_Task requirements_
Reproduce the records below in their entirety, character for character.

*** Provided material ***

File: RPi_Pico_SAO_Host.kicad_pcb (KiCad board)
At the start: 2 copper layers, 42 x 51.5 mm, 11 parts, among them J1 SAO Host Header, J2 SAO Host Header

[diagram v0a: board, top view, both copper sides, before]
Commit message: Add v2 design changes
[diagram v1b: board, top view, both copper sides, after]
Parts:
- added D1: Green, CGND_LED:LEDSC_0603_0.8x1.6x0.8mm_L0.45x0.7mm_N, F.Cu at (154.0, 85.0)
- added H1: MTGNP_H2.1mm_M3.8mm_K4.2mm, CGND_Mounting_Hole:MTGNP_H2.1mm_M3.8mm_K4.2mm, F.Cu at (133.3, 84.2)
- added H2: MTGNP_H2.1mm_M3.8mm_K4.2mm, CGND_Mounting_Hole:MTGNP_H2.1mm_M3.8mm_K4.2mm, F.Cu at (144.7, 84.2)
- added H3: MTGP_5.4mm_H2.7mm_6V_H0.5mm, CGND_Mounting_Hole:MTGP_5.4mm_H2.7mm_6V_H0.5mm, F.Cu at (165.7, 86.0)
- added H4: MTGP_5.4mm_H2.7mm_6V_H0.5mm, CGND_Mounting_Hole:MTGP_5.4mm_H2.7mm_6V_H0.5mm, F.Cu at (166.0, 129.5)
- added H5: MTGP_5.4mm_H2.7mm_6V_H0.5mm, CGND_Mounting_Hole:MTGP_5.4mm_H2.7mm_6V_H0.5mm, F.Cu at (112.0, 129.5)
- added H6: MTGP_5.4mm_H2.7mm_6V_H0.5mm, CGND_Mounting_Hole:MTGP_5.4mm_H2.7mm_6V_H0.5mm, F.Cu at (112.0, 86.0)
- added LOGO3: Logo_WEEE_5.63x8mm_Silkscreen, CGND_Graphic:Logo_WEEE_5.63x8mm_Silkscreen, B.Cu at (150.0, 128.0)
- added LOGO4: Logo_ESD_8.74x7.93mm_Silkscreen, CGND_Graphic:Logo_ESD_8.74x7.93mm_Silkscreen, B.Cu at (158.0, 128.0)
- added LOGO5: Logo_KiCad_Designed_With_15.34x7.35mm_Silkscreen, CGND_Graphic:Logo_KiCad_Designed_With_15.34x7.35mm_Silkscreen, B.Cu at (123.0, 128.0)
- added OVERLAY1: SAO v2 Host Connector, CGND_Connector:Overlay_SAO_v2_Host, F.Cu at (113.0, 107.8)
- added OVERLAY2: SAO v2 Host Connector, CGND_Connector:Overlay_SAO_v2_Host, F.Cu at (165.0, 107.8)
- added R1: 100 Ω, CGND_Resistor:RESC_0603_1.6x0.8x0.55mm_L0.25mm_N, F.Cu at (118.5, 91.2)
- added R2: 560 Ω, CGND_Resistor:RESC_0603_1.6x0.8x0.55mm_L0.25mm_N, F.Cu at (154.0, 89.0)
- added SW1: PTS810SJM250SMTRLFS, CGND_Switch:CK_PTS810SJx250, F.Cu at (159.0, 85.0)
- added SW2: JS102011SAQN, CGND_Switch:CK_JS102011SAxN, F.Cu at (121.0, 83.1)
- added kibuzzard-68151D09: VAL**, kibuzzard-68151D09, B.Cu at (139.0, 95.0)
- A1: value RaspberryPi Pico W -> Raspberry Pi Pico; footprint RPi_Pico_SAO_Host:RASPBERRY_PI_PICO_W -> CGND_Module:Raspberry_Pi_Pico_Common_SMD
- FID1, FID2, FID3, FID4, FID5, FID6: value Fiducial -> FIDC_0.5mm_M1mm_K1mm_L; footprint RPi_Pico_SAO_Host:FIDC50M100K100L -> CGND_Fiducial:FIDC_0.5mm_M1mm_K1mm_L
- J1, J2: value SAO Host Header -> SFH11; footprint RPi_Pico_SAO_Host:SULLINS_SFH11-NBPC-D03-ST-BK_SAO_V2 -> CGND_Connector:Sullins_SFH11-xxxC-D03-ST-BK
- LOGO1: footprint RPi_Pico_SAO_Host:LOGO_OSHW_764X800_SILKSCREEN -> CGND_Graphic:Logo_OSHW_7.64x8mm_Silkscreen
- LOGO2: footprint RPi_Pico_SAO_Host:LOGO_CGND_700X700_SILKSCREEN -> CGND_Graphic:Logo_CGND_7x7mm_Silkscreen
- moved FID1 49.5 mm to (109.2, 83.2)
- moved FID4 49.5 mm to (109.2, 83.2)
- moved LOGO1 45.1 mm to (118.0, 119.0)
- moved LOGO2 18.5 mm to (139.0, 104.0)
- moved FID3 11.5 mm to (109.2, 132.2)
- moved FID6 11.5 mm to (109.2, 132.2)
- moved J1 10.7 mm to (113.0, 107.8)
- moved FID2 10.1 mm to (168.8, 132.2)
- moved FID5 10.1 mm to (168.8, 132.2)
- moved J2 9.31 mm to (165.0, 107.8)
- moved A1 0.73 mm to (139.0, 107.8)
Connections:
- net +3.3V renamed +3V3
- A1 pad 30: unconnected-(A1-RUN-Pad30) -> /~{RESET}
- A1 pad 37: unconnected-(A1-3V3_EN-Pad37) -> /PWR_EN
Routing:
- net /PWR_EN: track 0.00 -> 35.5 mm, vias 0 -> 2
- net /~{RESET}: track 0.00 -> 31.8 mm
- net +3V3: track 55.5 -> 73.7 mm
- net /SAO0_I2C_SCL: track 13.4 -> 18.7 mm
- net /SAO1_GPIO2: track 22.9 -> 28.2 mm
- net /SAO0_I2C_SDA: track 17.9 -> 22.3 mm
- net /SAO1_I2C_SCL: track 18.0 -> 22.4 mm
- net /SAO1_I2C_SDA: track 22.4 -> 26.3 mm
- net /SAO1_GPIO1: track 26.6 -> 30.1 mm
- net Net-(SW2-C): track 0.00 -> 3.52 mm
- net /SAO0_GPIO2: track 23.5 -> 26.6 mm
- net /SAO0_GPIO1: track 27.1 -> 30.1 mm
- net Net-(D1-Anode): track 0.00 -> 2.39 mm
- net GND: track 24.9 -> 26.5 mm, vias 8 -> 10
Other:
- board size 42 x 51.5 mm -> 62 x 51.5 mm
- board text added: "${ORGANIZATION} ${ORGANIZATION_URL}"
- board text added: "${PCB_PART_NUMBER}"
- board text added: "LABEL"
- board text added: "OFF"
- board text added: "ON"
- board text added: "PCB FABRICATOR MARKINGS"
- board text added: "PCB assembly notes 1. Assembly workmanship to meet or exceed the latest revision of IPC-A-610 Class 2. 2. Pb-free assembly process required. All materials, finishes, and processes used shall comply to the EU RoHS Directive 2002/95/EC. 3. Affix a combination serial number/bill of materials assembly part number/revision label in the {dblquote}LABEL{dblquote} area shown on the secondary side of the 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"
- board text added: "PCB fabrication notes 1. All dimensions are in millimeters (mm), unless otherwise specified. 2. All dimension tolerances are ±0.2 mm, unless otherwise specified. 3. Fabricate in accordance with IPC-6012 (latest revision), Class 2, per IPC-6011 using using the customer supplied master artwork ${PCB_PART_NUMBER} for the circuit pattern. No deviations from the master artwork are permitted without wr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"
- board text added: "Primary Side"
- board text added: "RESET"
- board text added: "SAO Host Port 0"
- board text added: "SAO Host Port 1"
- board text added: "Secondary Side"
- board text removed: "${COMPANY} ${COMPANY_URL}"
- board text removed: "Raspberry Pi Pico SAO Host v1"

*** End of Provided material ***

_Your response_
File: RPi_Pico_SAO_Host.kicad_pcb (KiCad board)
At the start: 2 copper layers, 42 x 51.5 mm, 11 parts, among them J1 SAO Host Header, J2 SAO Host Header

[diagram v0a: board, top view, both copper sides, before]
Commit message: Add v2 design changes
[diagram v1b: board, top view, both copper sides, after]
Parts:
- added D1: Green, CGND_LED:LEDSC_0603_0.8x1.6x0.8mm_L0.45x0.7mm_N, F.Cu at (154.0, 85.0)
- added H1: MTGNP_H2.1mm_M3.8mm_K4.2mm, CGND_Mounting_Hole:MTGNP_H2.1mm_M3.8mm_K4.2mm, F.Cu at (133.3, 84.2)
- added H2: MTGNP_H2.1mm_M3.8mm_K4.2mm, CGND_Mounting_Hole:MTGNP_H2.1mm_M3.8mm_K4.2mm, F.Cu at (144.7, 84.2)
- added H3: MTGP_5.4mm_H2.7mm_6V_H0.5mm, CGND_Mounting_Hole:MTGP_5.4mm_H2.7mm_6V_H0.5mm, F.Cu at (165.7, 86.0)
- added H4: MTGP_5.4mm_H2.7mm_6V_H0.5mm, CGND_Mounting_Hole:MTGP_5.4mm_H2.7mm_6V_H0.5mm, F.Cu at (166.0, 129.5)
- added H5: MTGP_5.4mm_H2.7mm_6V_H0.5mm, CGND_Mounting_Hole:MTGP_5.4mm_H2.7mm_6V_H0.5mm, F.Cu at (112.0, 129.5)
- added H6: MTGP_5.4mm_H2.7mm_6V_H0.5mm, CGND_Mounting_Hole:MTGP_5.4mm_H2.7mm_6V_H0.5mm, F.Cu at (112.0, 86.0)
- added LOGO3: Logo_WEEE_5.63x8mm_Silkscreen, CGND_Graphic:Logo_WEEE_5.63x8mm_Silkscreen, B.Cu at (150.0, 128.0)
- added LOGO4: Logo_ESD_8.74x7.93mm_Silkscreen, CGND_Graphic:Logo_ESD_8.74x7.93mm_Silkscreen, B.Cu at (158.0, 128.0)
- added LOGO5: Logo_KiCad_Designed_With_15.34x7.35mm_Silkscreen, CGND_Graphic:Logo_KiCad_Designed_With_15.34x7.35mm_Silkscreen, B.Cu at (123.0, 128.0)
- added OVERLAY1: SAO v2 Host Connector, CGND_Connector:Overlay_SAO_v2_Host, F.Cu at (113.0, 107.8)
- added OVERLAY2: SAO v2 Host Connector, CGND_Connector:Overlay_SAO_v2_Host, F.Cu at (165.0, 107.8)
- added R1: 100 Ω, CGND_Resistor:RESC_0603_1.6x0.8x0.55mm_L0.25mm_N, F.Cu at (118.5, 91.2)
- added R2: 560 Ω, CGND_Resistor:RESC_0603_1.6x0.8x0.55mm_L0.25mm_N, F.Cu at (154.0, 89.0)
- added SW1: PTS810SJM250SMTRLFS, CGND_Switch:CK_PTS810SJx250, F.Cu at (159.0, 85.0)
- added SW2: JS102011SAQN, CGND_Switch:CK_JS102011SAxN, F.Cu at (121.0, 83.1)
- added kibuzzard-68151D09: VAL**, kibuzzard-68151D09, B.Cu at (139.0, 95.0)
- A1: value RaspberryPi Pico W -> Raspberry Pi Pico; footprint RPi_Pico_SAO_Host:RASPBERRY_PI_PICO_W -> CGND_Module:Raspberry_Pi_Pico_Common_SMD
- FID1, FID2, FID3, FID4, FID5, FID6: value Fiducial -> FIDC_0.5mm_M1mm_K1mm_L; footprint RPi_Pico_SAO_Host:FIDC50M100K100L -> CGND_Fiducial:FIDC_0.5mm_M1mm_K1mm_L
- J1, J2: value SAO Host Header -> SFH11; footprint RPi_Pico_SAO_Host:SULLINS_SFH11-NBPC-D03-ST-BK_SAO_V2 -> CGND_Connector:Sullins_SFH11-xxxC-D03-ST-BK
- LOGO1: footprint RPi_Pico_SAO_Host:LOGO_OSHW_764X800_SILKSCREEN -> CGND_Graphic:Logo_OSHW_7.64x8mm_Silkscreen
- LOGO2: footprint RPi_Pico_SAO_Host:LOGO_CGND_700X700_SILKSCREEN -> CGND_Graphic:Logo_CGND_7x7mm_Silkscreen
- moved FID1 49.5 mm to (109.2, 83.2)
- moved FID4 49.5 mm to (109.2, 83.2)
- moved LOGO1 45.1 mm to (118.0, 119.0)
- moved LOGO2 18.5 mm to (139.0, 104.0)
- moved FID3 11.5 mm to (109.2, 132.2)
- moved FID6 11.5 mm to (109.2, 132.2)
- moved J1 10.7 mm to (113.0, 107.8)
- moved FID2 10.1 mm to (168.8, 132.2)
- moved FID5 10.1 mm to (168.8, 132.2)
- moved J2 9.31 mm to (165.0, 107.8)
- moved A1 0.73 mm to (139.0, 107.8)
Connections:
- net +3.3V renamed +3V3
- A1 pad 30: unconnected-(A1-RUN-Pad30) -> /~{RESET}
- A1 pad 37: unconnected-(A1-3V3_EN-Pad37) -> /PWR_EN
Routing:
- net /PWR_EN: track 0.00 -> 35.5 mm, vias 0 -> 2
- net /~{RESET}: track 0.00 -> 31.8 mm
- net +3V3: track 55.5 -> 73.7 mm
- net /SAO0_I2C_SCL: track 13.4 -> 18.7 mm
- net /SAO1_GPIO2: track 22.9 -> 28.2 mm
- net /SAO0_I2C_SDA: track 17.9 -> 22.3 mm
- net /SAO1_I2C_SCL: track 18.0 -> 22.4 mm
- net /SAO1_I2C_SDA: track 22.4 -> 26.3 mm
- net /SAO1_GPIO1: track 26.6 -> 30.1 mm
- net Net-(SW2-C): track 0.00 -> 3.52 mm
- net /SAO0_GPIO2: track 23.5 -> 26.6 mm
- net /SAO0_GPIO1: track 27.1 -> 30.1 mm
- net Net-(D1-Anode): track 0.00 -> 2.39 mm
- net GND: track 24.9 -> 26.5 mm, vias 8 -> 10
Other:
- board size 42 x 51.5 mm -> 62 x 51.5 mm
- board text added: "${ORGANIZATION} ${ORGANIZATION_URL}"
- board text added: "${PCB_PART_NUMBER}"
- board text added: "LABEL"
- board text added: "OFF"
- board text added: "ON"
- board text added: "PCB FABRICATOR MARKINGS"
- board text added: "PCB assembly notes 1. Assembly workmanship to meet or exceed the latest revision of IPC-A-610 Class 2. 2. Pb-free assembly process required. All materials, finishes, and processes used shall comply to the EU RoHS Directive 2002/95/EC. 3. Affix a combination serial number/bill of materials assembly part number/revision label in the {dblquote}LABEL{dblquote} area shown on the secondary side of the "
- board text added: "PCB fabrication notes 1. All dimensions are in millimeters (mm), unless otherwise specified. 2. All dimension tolerances are ±0.2 mm, unless otherwise specified. 3. Fabricate in accordance with IPC-6012 (latest revision), Class 2, per IPC-6011 using using the customer supplied master artwork ${PCB_PART_NUMBER} for the circuit pattern. No deviations from the master artwork are permitted without wr"
- board text added: "Primary Side"
- board text added: "RESET"
- board text added: "SAO Host Port 0"
- board text added: "SAO Host Port 1"
- board text added: "Secondary Side"
- board text removed: "${COMPANY} ${COMPANY_URL}"
- board text removed: "Raspberry Pi Pico SAO Host v1"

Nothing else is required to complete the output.